◆ Your instructions ◆
Among the entries below, tally the lines that include "hztxt", and give the number alone.

# # #

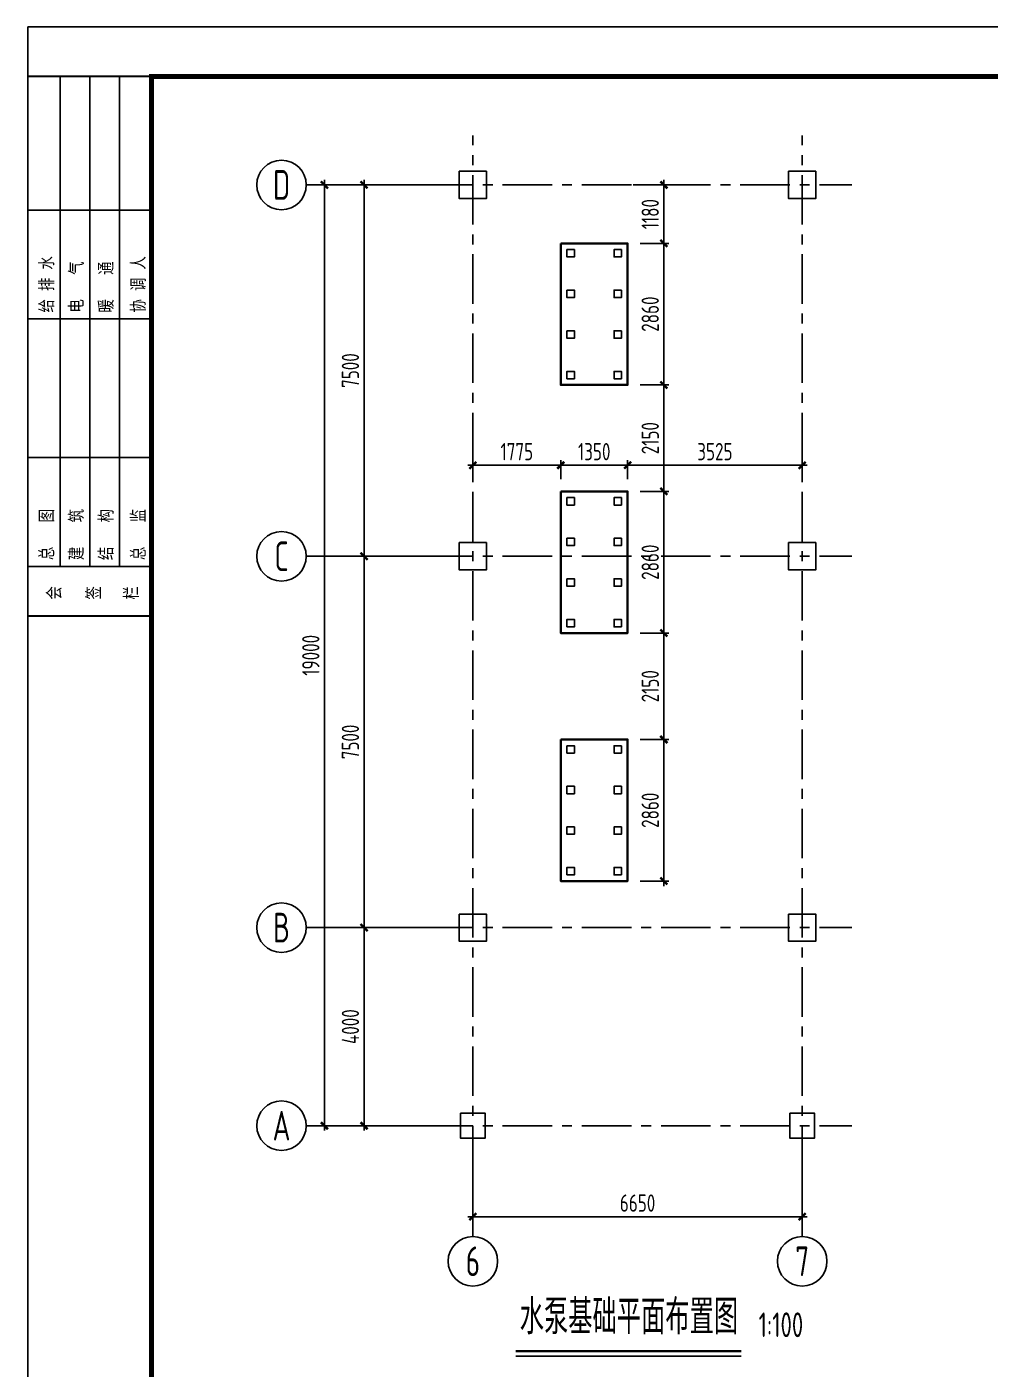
# Model space of a CAD drawing. Extents: x 665703 to 1047784, y -160603 to 92239.
# Drawn here: x 765017 to 784470, y -128295 to -101186 of the extents above; entities that cross this region are included whole.
import ezdxf
from ezdxf.enums import TextEntityAlignment as Align

# ---------------------------------------------------------------- set-up
doc = ezdxf.new("R2010")
doc.units = 0
doc.header["$LTSCALE"] = 800
doc.linetypes.add('CENTER', pattern=[2, 1.25, -0.25, 0.25, -0.25])
doc.layers.get('0').update_dxf_attribs({"linetype": 'CONTINUOUS'})
doc.layers.get('Defpoints').update_dxf_attribs({"linetype": 'CONTINUOUS'})
for name, color, linetype in [('AXIS', 4, 'CENTER'), ('COLU', 3, 'CONTINUOUS'), ('DIM', 2, 'CONTINUOUS'), ('HATCH', 254, 'CONTINUOUS'), ('NUM', 7, 'CONTINUOUS'), ('TK', 7, 'CONTINUOUS')]:
    doc.layers.add(name, color=color, linetype=linetype)
doc.layers.add('实体线', color=3, linetype='CONTINUOUS', lineweight=35)
doc.styles.add('TSSD_Axis', font='tssdeng.shx', dxfattribs={"width": 0.7, "bigfont": 'tssdchn.shx'})
doc.styles.add('TSSD_Dimension', font='Tssdeng.shx', dxfattribs={"width": 0.75, "bigfont": 'hztxt.shx'})
doc.styles.add('TSSD_Norm', font='Tssdeng.shx', dxfattribs={"bigfont": 'hztxt.shx'})
doc.dimstyles.new('TSSD_100_100', dxfattribs={"dimtxt": 350, "dimasz": 100, "dimexe": 100, "dimexo": 250, "dimgap": 100, "dimtad": 1, "dimdec": 0, "dimzin": 0, "dimdsep": 46, "dimtxsty": 'TSSD_Dimension', "dimblk": 'ARCHTICK', "dimcen": 0, "dimdle": 100, "dimclrt": 7, "dimadec": 0, "dimazin": 0, "dimtfac": 1, "dimtdec": 0, "dimtix": 1, "dimtmove": 2, "dimatfit": 3, "dimldrblk": 'ARCHTICK', "dimfxl": 0, "dimtolj": 1, "dimtzin": 0, "dimarcsym": 0})

# ---------------------------------------------------------------- blocks, each defined once
blk = doc.blocks.new('ts_axno')
at = {"color": 0, "linetype": 'ByBlock', "lineweight": -2}
blk.add_circle((0, 0), 0.5, dxfattribs=at)
at = {"color": 0, "linetype": 'ByBlock', "lineweight": -2, "style": 'TSSD_Axis', "width": 0.7}
blk.add_attdef('A', text='', height=0.6, dxfattribs=at).set_placement((0, 0), align=Align.MIDDLE_CENTER)
blk = doc.blocks.new('_ArchTick')
at = {"color": 0, "const_width": 0.5}
blk.add_lwpolyline([(-0.71, -0.71), (0.71, 0.71)], dxfattribs=at)
blk = doc.blocks.new('*D962')
at = {"color": 0, "linetype": 'ByBlock', "transparency": 16777216}
for p, q in [((974195, -235507), (973147, -235507)), ((973247, -235407), (973247, -243107)), ((974195, -243007), (973147, -243007))]:
    blk.add_line(p, q, dxfattribs=at)
at = {"layer": 'Defpoints', "color": 0, "linetype": 'ByBlock', "transparency": 16777216}
for p in [(974445, -235507), (973247, -243007), (974445, -243007)]:
    blk.add_point(p, dxfattribs=at)
at = {"color": 0, "linetype": 'ByBlock', "transparency": 16777216, "xscale": 100, "yscale": 100, "zscale": 100}
for p, rotation in [((973247, -235507), 90), ((973247, -243007), 270)]:
    blk.add_blockref('_ArchTick', p, dxfattribs=dict(at, rotation=rotation))
at = {"color": 7, "linetype": 'ByBlock', "transparency": 16777216, "insert": (972972, -239257), "char_height": 350, "attachment_point": 5, "rotation": 90, "style": 'TSSD_Dimension'}
blk.add_mtext('\\A1;7500', dxfattribs=at)
blk = doc.blocks.new('*D963')
at = {"color": 0, "linetype": 'ByBlock', "transparency": 16777216}
for p, q in [((974195, -243007), (973147, -243007)), ((973247, -242907), (973247, -250607)), ((974195, -250507), (973147, -250507))]:
    blk.add_line(p, q, dxfattribs=at)
at = {"layer": 'Defpoints', "color": 0, "linetype": 'ByBlock', "transparency": 16777216}
for p in [(974445, -243007), (973247, -250507), (974445, -250507)]:
    blk.add_point(p, dxfattribs=at)
at = {"color": 0, "linetype": 'ByBlock', "transparency": 16777216, "xscale": 100, "yscale": 100, "zscale": 100}
for p, rotation in [((973247, -243007), 90), ((973247, -250507), 270)]:
    blk.add_blockref('_ArchTick', p, dxfattribs=dict(at, rotation=rotation))
at = {"color": 7, "linetype": 'ByBlock', "transparency": 16777216, "insert": (972972, -246757), "char_height": 350, "attachment_point": 5, "rotation": 90, "style": 'TSSD_Dimension'}
blk.add_mtext('\\A1;7500', dxfattribs=at)
blk = doc.blocks.new('*D964')
at = {"color": 0, "linetype": 'ByBlock', "transparency": 16777216}
for p, q in [((973247, -250407), (973247, -254607)), ((974195, -250507), (973147, -250507)), ((974195, -254507), (973147, -254507))]:
    blk.add_line(p, q, dxfattribs=at)
at = {"layer": 'Defpoints', "color": 0, "linetype": 'ByBlock', "transparency": 16777216}
for p in [(974445, -250507), (973247, -254507), (974445, -254507)]:
    blk.add_point(p, dxfattribs=at)
at = {"color": 0, "linetype": 'ByBlock', "transparency": 16777216, "xscale": 100, "yscale": 100, "zscale": 100}
for p, rotation in [((973247, -250507), 90), ((973247, -254507), 270)]:
    blk.add_blockref('_ArchTick', p, dxfattribs=dict(at, rotation=rotation))
at = {"color": 7, "linetype": 'ByBlock', "transparency": 16777216, "insert": (972972, -252507), "char_height": 350, "attachment_point": 5, "rotation": 90, "style": 'TSSD_Dimension'}
blk.add_mtext('\\A1;4000', dxfattribs=at)
blk = doc.blocks.new('*D965')
at = {"color": 0, "linetype": 'ByBlock', "transparency": 16777216}
for p, q in [((974195, -235507), (972347, -235507)), ((972447, -254607), (972447, -235407)), ((974195, -254507), (972347, -254507))]:
    blk.add_line(p, q, dxfattribs=at)
at = {"layer": 'Defpoints', "color": 0, "linetype": 'ByBlock', "transparency": 16777216}
for p in [(972447, -235507), (974445, -235507), (974445, -254507)]:
    blk.add_point(p, dxfattribs=at)
at = {"color": 0, "linetype": 'ByBlock', "transparency": 16777216, "xscale": 100, "yscale": 100, "zscale": 100}
for p, rotation in [((972447, -235507), 90), ((972447, -254507), 270)]:
    blk.add_blockref('_ArchTick', p, dxfattribs=dict(at, rotation=rotation))
at = {"color": 7, "linetype": 'ByBlock', "transparency": 16777216, "insert": (972172, -245007), "char_height": 350, "attachment_point": 5, "rotation": 90, "style": 'TSSD_Dimension'}
blk.add_mtext('\\A1;19000', dxfattribs=at)
blk = doc.blocks.new('*D966')
at = {"color": 0, "linetype": 'ByBlock', "transparency": 16777216}
for p, q in [((975445, -255757), (975445, -256445)), ((982095, -255757), (982095, -256445)), ((975345, -256345), (982195, -256345))]:
    blk.add_line(p, q, dxfattribs=at)
at = {"layer": 'Defpoints', "color": 0, "linetype": 'ByBlock', "transparency": 16777216}
for p in [(975445, -255507), (982095, -255507), (982095, -256345)]:
    blk.add_point(p, dxfattribs=at)
at = {"color": 0, "linetype": 'ByBlock', "transparency": 16777216, "xscale": 100, "yscale": 100, "zscale": 100, "rotation": 180}
blk.add_blockref('_ArchTick', (975445, -256345), dxfattribs=at)
at = {"color": 0, "linetype": 'ByBlock', "transparency": 16777216, "xscale": 100, "yscale": 100, "zscale": 100}
blk.add_blockref('_ArchTick', (982095, -256345), dxfattribs=at)
at = {"color": 7, "linetype": 'ByBlock', "transparency": 16777216, "insert": (978770, -256070), "char_height": 350, "attachment_point": 5, "style": 'TSSD_Dimension'}
blk.add_mtext('\\A1;6650', dxfattribs=at)
blk = doc.blocks.new('*D977')
at = {"layer": 'Defpoints', "color": 0, "transparency": 16777216}
for p in [(251779, -241169), (250004, -241721), (251779, -241697)]:
    blk.add_point(p, dxfattribs=at)
at = {"layer": 'DIM', "color": 0, "lineweight": -2, "transparency": 16777216}
for p, q in [((249904, -241169), (251879, -241169)), ((250004, -241471), (250004, -241069)), ((251779, -241447), (251779, -241069))]:
    blk.add_line(p, q, dxfattribs=at)
at = {"layer": 'DIM', "color": 0, "lineweight": -2, "transparency": 16777216, "xscale": 100, "yscale": 100, "zscale": 100, "rotation": 180}
blk.add_blockref('_ArchTick', (250004, -241169), dxfattribs=at)
at = {"layer": 'DIM', "color": 0, "lineweight": -2, "transparency": 16777216, "xscale": 100, "yscale": 100, "zscale": 100}
blk.add_blockref('_ArchTick', (251779, -241169), dxfattribs=at)
at = {"layer": 'DIM', "color": 7, "transparency": 16777216, "insert": (250891, -240894), "char_height": 350, "attachment_point": 5, "style": 'TSSD_Dimension'}
blk.add_mtext('\\A1;1775', dxfattribs=at)
blk = doc.blocks.new('*D978')
at = {"layer": 'Defpoints', "color": 0, "transparency": 16777216}
for p in [(253129, -241169), (251779, -241697), (253129, -241697)]:
    blk.add_point(p, dxfattribs=at)
at = {"layer": 'DIM', "color": 0, "lineweight": -2, "transparency": 16777216}
for p, q in [((251679, -241169), (253229, -241169)), ((251779, -241447), (251779, -241069)), ((253129, -241447), (253129, -241069))]:
    blk.add_line(p, q, dxfattribs=at)
at = {"layer": 'DIM', "color": 0, "lineweight": -2, "transparency": 16777216, "xscale": 100, "yscale": 100, "zscale": 100, "rotation": 180}
blk.add_blockref('_ArchTick', (251779, -241169), dxfattribs=at)
at = {"layer": 'DIM', "color": 0, "lineweight": -2, "transparency": 16777216, "xscale": 100, "yscale": 100, "zscale": 100}
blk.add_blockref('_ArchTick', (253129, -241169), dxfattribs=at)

# # #

◆ Output ◆
2